И правильно сделал, ибо Ленинского бульвара никогда во Владикавказе не существовало, так же, как и бронзового памятника Александру I, «красовавшегося у входа на Александровском проспекте» [11: 254]. Жаль, конечно, нагружать будущих историков Владикавказа подобными нелепостями — ведь будут рыться в архивах и опрашивать старожилов, где стоял бронзовый царь, ну ладно, и это можно простить. Но вот зачем причислять несуществующий монумент к высокому искусству и придумывать монолог Булгакова (он говорит жене): «Я мог бесконечно смотреть на памятник Александру во Владикавказе. Это — Искусство. Настоящее. Оно не умирает. Может кому-то нравится, кому-то — нет, но человеку, понимающему в творчестве толк и не делящему людей на пролетариев и буржуев, памятник Александру будет приятен всегда, если, увы, его когда-нибудь не снесут и не поставят на его месте аляповатую фигуру Маркса или Ленина...» [11: 380].

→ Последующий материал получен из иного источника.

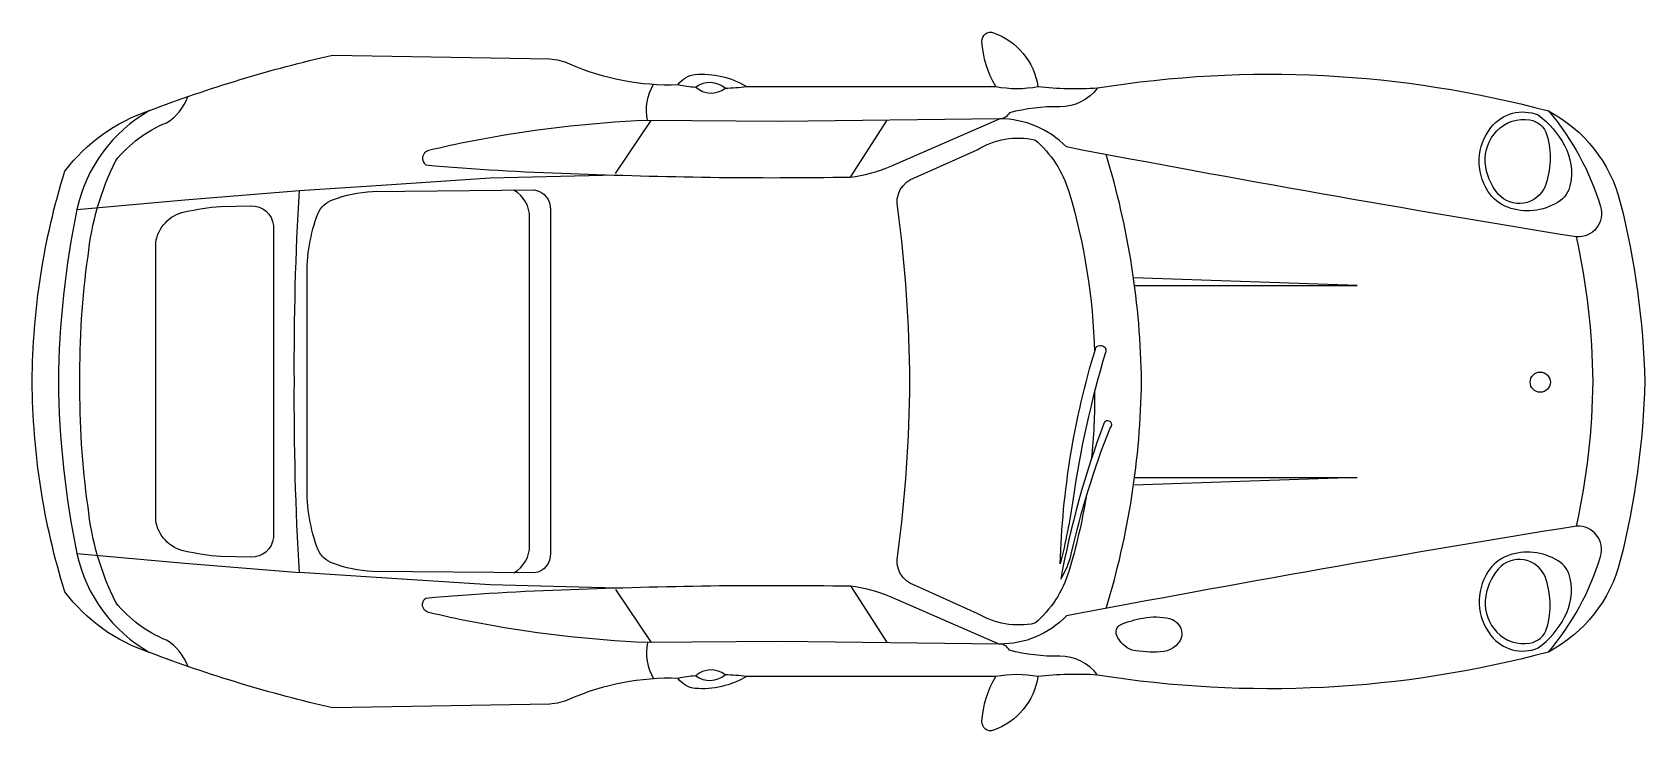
# Model space of a CAD drawing. Header units: millimetres. Extents: x -3289.74 to -3285.49, y 1871.79 to 1873.63.
import ezdxf

# ---------------------------------------------------------------- set-up
doc = ezdxf.new("R2010")
doc.units = ezdxf.units.MM
doc.header["$LTSCALE"] = 10
doc.layers.add('Veículos', color=2, linetype='Continuous')

msp = doc.modelspace()

# ---------------------------------------------------------------- linework, layer by layer
at = {"layer": 'Veículos'}
for points in [[(-3289.7379, 1872.7081, -0.073985), (-3289.6521, 1873.2619, -0.153936), (-3289.4291, 1873.422, -0.035069), (-3288.9471, 1873.5681), (-3288.3755, 1873.5585, -0.080758), (-3288.3236, 1873.5452, 0.111291), (-3288.0378, 1873.4902, -0.222022), (-3287.9924, 1873.5169, -0.155977), (-3287.8578, 1873.4855), (-3287.2016, 1873.4855, -0.115278), (-3287.2378, 1873.6038, -0.541385), (-3287.207, 1873.627, -0.273922), (-3287.0903, 1873.4855, 0.044974), (-3286.9334, 1873.4816, -0.105774), (-3285.746, 1873.4209, -0.212201), (-3285.5572, 1873.1801, -0.055723), (-3285.4929, 1872.7081, -0.055723), (-3285.5572, 1872.236, -0.212201), (-3285.746, 1871.9953, -0.105774), (-3286.9334, 1871.9346, 0.044974), (-3287.0903, 1871.9307, -0.273922), (-3287.207, 1871.7891, -0.541385), (-3287.2378, 1871.8124, -0.115278), (-3287.2016, 1871.9307), (-3287.8578, 1871.9307, -0.155977), (-3287.9924, 1871.8993, -0.222022), (-3288.0378, 1871.9259, 0.111291), (-3288.3236, 1871.8709, -0.080758), (-3288.3755, 1871.8577), (-3288.9471, 1871.8481, -0.035069), (-3289.4291, 1871.9941, -0.153936), (-3289.6521, 1872.1542, -0.073985)], [(-3285.9056, 1873.2093, -0.318262), (-3285.8978, 1873.3774, -0.336631), (-3285.7732, 1873.4103, -0.107863), (-3285.7038, 1873.3295, -0.176217), (-3285.6888, 1873.2272, -0.204198), (-3285.721, 1873.1807, -0.234058), (-3285.8534, 1873.1671, -0.162353)], [(-3285.8784, 1873.2021, -0.163341), (-3285.9128, 1873.2851, -0.213722), (-3285.882, 1873.3688, -0.243766), (-3285.7954, 1873.3974, -0.291481), (-3285.7503, 1873.3573, -0.158425), (-3285.7553, 1873.2222, -0.556548)], [(-3288.3737, 1872.7081), (-3288.3737, 1872.2559, -0.388823), (-3288.4164, 1872.2035), (-3288.8422, 1872.2076, -0.078172), (-3288.9473, 1872.2294, -0.196108), (-3288.9855, 1872.2649, -0.096829), (-3289.0142, 1872.434), (-3289.0142, 1872.7081), (-3289.0142, 1872.9821, -0.096829), (-3288.9855, 1873.1513, -0.196108), (-3288.9473, 1873.1867, -0.078172), (-3288.8422, 1873.2086), (-3288.4164, 1873.2127, -0.388823), (-3288.3737, 1873.1602)], [(-3289.1031, 1872.7081), (-3289.1031, 1872.2972, -0.407574), (-3289.1625, 1872.2453), (-3289.2416, 1872.2467, -0.03281), (-3289.337, 1872.261, -0.311096), (-3289.4128, 1872.3419), (-3289.4128, 1872.7081), (-3289.4128, 1873.0743, -0.311096), (-3289.337, 1873.1552, -0.03281), (-3289.2416, 1873.1695), (-3289.1625, 1873.1708, -0.407574), (-3289.1031, 1873.119)], [(-3287.0315, 1872.2273, -0.066931), (-3286.9392, 1872.7933, -1.115799), (-3286.913, 1872.7821, 0.036962), (-3286.9979, 1872.3994, -0.02456)], [(-3286.9168, 1872.5976, 0.043566), (-3287.0303, 1872.1874, 0.084927), (-3287.0028, 1872.2535, -0.037508), (-3286.9006, 1872.5851, 1.353737)], [(-3285.9056, 1872.2068, 0.318262), (-3285.8978, 1872.0388, 0.336631), (-3285.7732, 1872.0059, 0.107863), (-3285.7038, 1872.0867, 0.176217), (-3285.6888, 1872.189, 0.204198), (-3285.721, 1872.2355, 0.234058), (-3285.8534, 1872.249, 0.162353)], [(-3285.8784, 1872.214, 0.163341), (-3285.9128, 1872.131, 0.213722), (-3285.882, 1872.0474, 0.243766), (-3285.7954, 1872.0187, 0.291481), (-3285.7503, 1872.0588, 0.158425), (-3285.7553, 1872.194, 0.556548)], [(-3286.883, 1872.039, -0.383263), (-3286.8733, 1872.0673, -0.054412), (-3286.8129, 1872.0847, -0.109062), (-3286.7437, 1872.0834, -0.400423), (-3286.7122, 1872.0345, -0.320332), (-3286.7685, 1871.9958, -0.05979), (-3286.842, 1871.9998, -0.197788)]]:
    msp.add_lwpolyline(points, format="xyb", close=True, dxfattribs=at)
for points in [[(-3288.1181, 1873.3958, -0.192613), (-3288.102, 1873.4913, -0.192613)], [(-3289.3287, 1871.9576, 0.178742), (-3289.3847, 1872.0263, -0.128631), (-3289.5181, 1872.126, -0.089194), (-3289.5911, 1872.3781, -0.036776), (-3289.6124, 1872.7081, -0.036776), (-3289.5911, 1873.038, -0.089194), (-3289.5181, 1873.2901, -0.128631), (-3289.3847, 1873.3899, 0.178742), (-3289.3287, 1873.4586)], [(-3286.9334, 1873.4816, -0.242846), (-3287.033, 1873.4321, 0.066443), (-3287.1656, 1873.4161, -0.284222), (-3287.1911, 1873.4, -0.284222)], [(-3289.4291, 1873.422, 0.211518), (-3289.6206, 1873.1614, 0.047818), (-3289.6691, 1872.7081, 0.047818), (-3289.6206, 1872.2548, 0.211518), (-3289.4291, 1871.9941, 0.211518)], [(-3285.746, 1873.4209, -0.101535), (-3285.609, 1873.1693, -0.52292), (-3285.6723, 1873.089, -0.007101), (-3287.0154, 1873.326, 0.204495), (-3287.1911, 1873.4), (-3287.7684, 1873.3931), (-3288.1181, 1873.3958, 0.038718), (-3288.5802, 1873.3415, 0.010841), (-3288.6946, 1873.3164, 0.648), (-3288.7015, 1873.2788, 0.015753), (-3288.3208, 1873.2565, 0.014486), (-3287.584, 1873.2467, 0.071916), (-3287.4795, 1873.2742), (-3287.1911, 1873.4)], [(-3286.9635, 1872.4028, -0.031083), (-3287.009, 1872.2078, -0.14503), (-3287.0985, 1872.0709, -0.190771), (-3287.25, 1872.0972), (-3287.4132, 1872.1709, -0.400838), (-3287.4593, 1872.2525, 0.031829), (-3287.4274, 1872.7081, 0.031829), (-3287.4593, 1873.1636, -0.400838), (-3287.4132, 1873.2452), (-3287.25, 1873.3189, -0.190771), (-3287.0985, 1873.3452, -0.14503), (-3287.009, 1873.2084, -0.06672), (-3286.9416, 1872.7855)], [(-3286.9108, 1872.11, 0.070312), (-3286.8175, 1872.7081, 0.070312), (-3286.9108, 1873.3061)], [(-3288.1989, 1872.1639), (-3288.5327, 1872.1719), (-3288.8057, 1872.1896), (-3289.0345, 1872.2045, -0.016855), (-3289.0478, 1872.7081, -0.016855), (-3289.0345, 1873.2117), (-3288.8057, 1873.2266), (-3288.5327, 1873.2443), (-3288.1989, 1873.2523)], [(-3288.4697, 1872.204, 0.278411), (-3288.4288, 1872.2765), (-3288.4288, 1872.7081), (-3288.4288, 1873.1396, 0.278411), (-3288.4697, 1873.2121)], [(-3285.6723, 1872.3271, 0.051873), (-3285.629, 1872.7081, 0.051873), (-3285.6723, 1873.089)], [(-3286.9411, 1872.6814, -0.027717), (-3286.9498, 1872.5031, -0.14503)], [(-3285.746, 1871.9953, 0.101535), (-3285.609, 1872.2469, 0.52292), (-3285.6723, 1872.3271, 0.007101), (-3287.0154, 1872.0902, -0.204495), (-3287.1911, 1872.0162), (-3287.7684, 1872.023), (-3288.1181, 1872.0204, -0.038718), (-3288.5802, 1872.0746, -0.010841), (-3288.6946, 1872.0997, -0.648), (-3288.7015, 1872.1374, -0.015753), (-3288.3208, 1872.1597, -0.014486), (-3287.584, 1872.1694, -0.071916), (-3287.4795, 1872.1419), (-3287.1911, 1872.0162)], [(-3288.1181, 1872.0204, 0.192613), (-3288.102, 1871.9248, 0.192613)], [(-3286.9334, 1871.9346, 0.242846), (-3287.033, 1871.984, -0.066443), (-3287.1656, 1872, 0.284222), (-3287.1911, 1872.0162, 0.284222)]]:
    msp.add_lwpolyline(points, format="xyb", dxfattribs=at)
for points in [[(-3288.2023, 1873.2561), (-3288.1082, 1873.3957)], [(-3287.584, 1873.2467), (-3287.4873, 1873.3965)], [(-3289.6206, 1873.1614), (-3289.3361, 1873.1871), (-3289.0345, 1873.2117)], [(-3286.8359, 1872.9607), (-3286.2496, 1872.9607), (-3286.8388, 1872.9815)], [(-3286.8359, 1872.4554), (-3286.2496, 1872.4554), (-3286.8388, 1872.4346)], [(-3289.6206, 1872.2548), (-3289.3361, 1872.229), (-3289.0345, 1872.2045)], [(-3288.2023, 1872.1601), (-3288.1082, 1872.0204)], [(-3287.584, 1872.1694), (-3287.4873, 1872.0197)]]:
    msp.add_lwpolyline(points, dxfattribs=at)
msp.add_circle((-3285.7679, 1872.7063), 0.0266, dxfattribs=at)
for centre, radius, start, end in [((-3287.9331, 1874.0448), 0.5643, 259.3013, 264.1004), ((-3287.9541, 1873.4338), 0.0619, 49.4755, 126.66), ((-3287.9509, 1873.5281), 0.06, 228.0423, 308.0932), ((-3287.9331, 1874.0448), 0.5643, 271.9386, 277.6657), ((-3287.1459, 1873.7799), 0.2997, 259.298, 280.702), ((-3287.9331, 1871.3714), 0.5643, 95.8996, 100.6987), ((-3287.9509, 1871.8881), 0.06, 51.9068, 131.9577), ((-3287.9541, 1871.9824), 0.0619, 233.34, 310.5245), ((-3287.9331, 1871.3714), 0.5643, 82.3343, 88.0614), ((-3287.1459, 1871.6362), 0.2997, 79.298, 100.702)]:
    msp.add_arc(centre, radius, start, end, dxfattribs=at)

doc.saveas('drawing.dxf')

Кстати, для любопытных: памятник Карлу Марксу в столице Северной Осетии на проспекте так и не поставили, а первый монумент В.И. Ленину воздвигли по проекту известного скульптора В.В. Козлова! Не хочется относить все это к столичному снобизму (подумаешь, история какого-то кавказского города), и все же трудно понять: неужели «беллетристы» могут так неряшливо относиться к историческим фактам, тем более если они чуть ли не на каждой странице подчеркивают достоверность своей книги?

Не обошел вниманием Стронгин и знаменитый Пушкинский диспут, устроенный пролетарскими поэтами, редактором газеты «Коммунист» Астаховым, а потому предложил обогатить булгаковедение. Оказывается, оппонентов М.А. Булгакова и Б.Р. Беме должен был поддержать еще один известный в городе человек... «Все с надеждой смотрели на Александра Тихоновича Солодова — друга Кирова, Куприна и самого блестящего в городе фельетониста, который за свой фельетон «Смех и слезы» долгое время преследовался полицией. Но Солодов лишь криво улыбался, видимо, понимая, что собравшимся не совладать со стоящими у входа красноармейцами и судьба диспута предрешена» [11: 319].

Все верно: Солодов и большой друг Кирова, и блестящий фельетонист, но ни на красноармейцев, ни на пролетарских поэтов повлиять в 1920 году он не мог, потому что еще в апреле 1914 г. застрелился в редакции газеты «Терек». Об этом печальном факте писал Девлет Гиреев в романе-хронике «Гибель Фемиды» (Орджоникидзе: — Ир, 1983. — С. 3).

Спорить с издательством «Центрполиграф» о том, что «книга Варлена Стронгина «Любовь Михаила Булгакова» выделяется в ряду жизнеописаний Михаила Булгакова оригинальностью замысла и увлекательной формой подачи материала», думаю бесполезно, но отметить еще раз весьма приблизительное, скорее, неверное представление о пребывании М.А. Булгакова и его первой жены Татьяны Николаевны Лаппа во Владикавказе в 1920—1921 гг. — необходимо!

Поэтому желание представить, как все происходило в действительности, и является основной задачей этой книги. Авторы предлагают читателям не повествование о владикавказском периоде мастера и не «краеведческие атрибуции», а владикавказские загадки М.А. Булгакова. Поверьте! Их немало!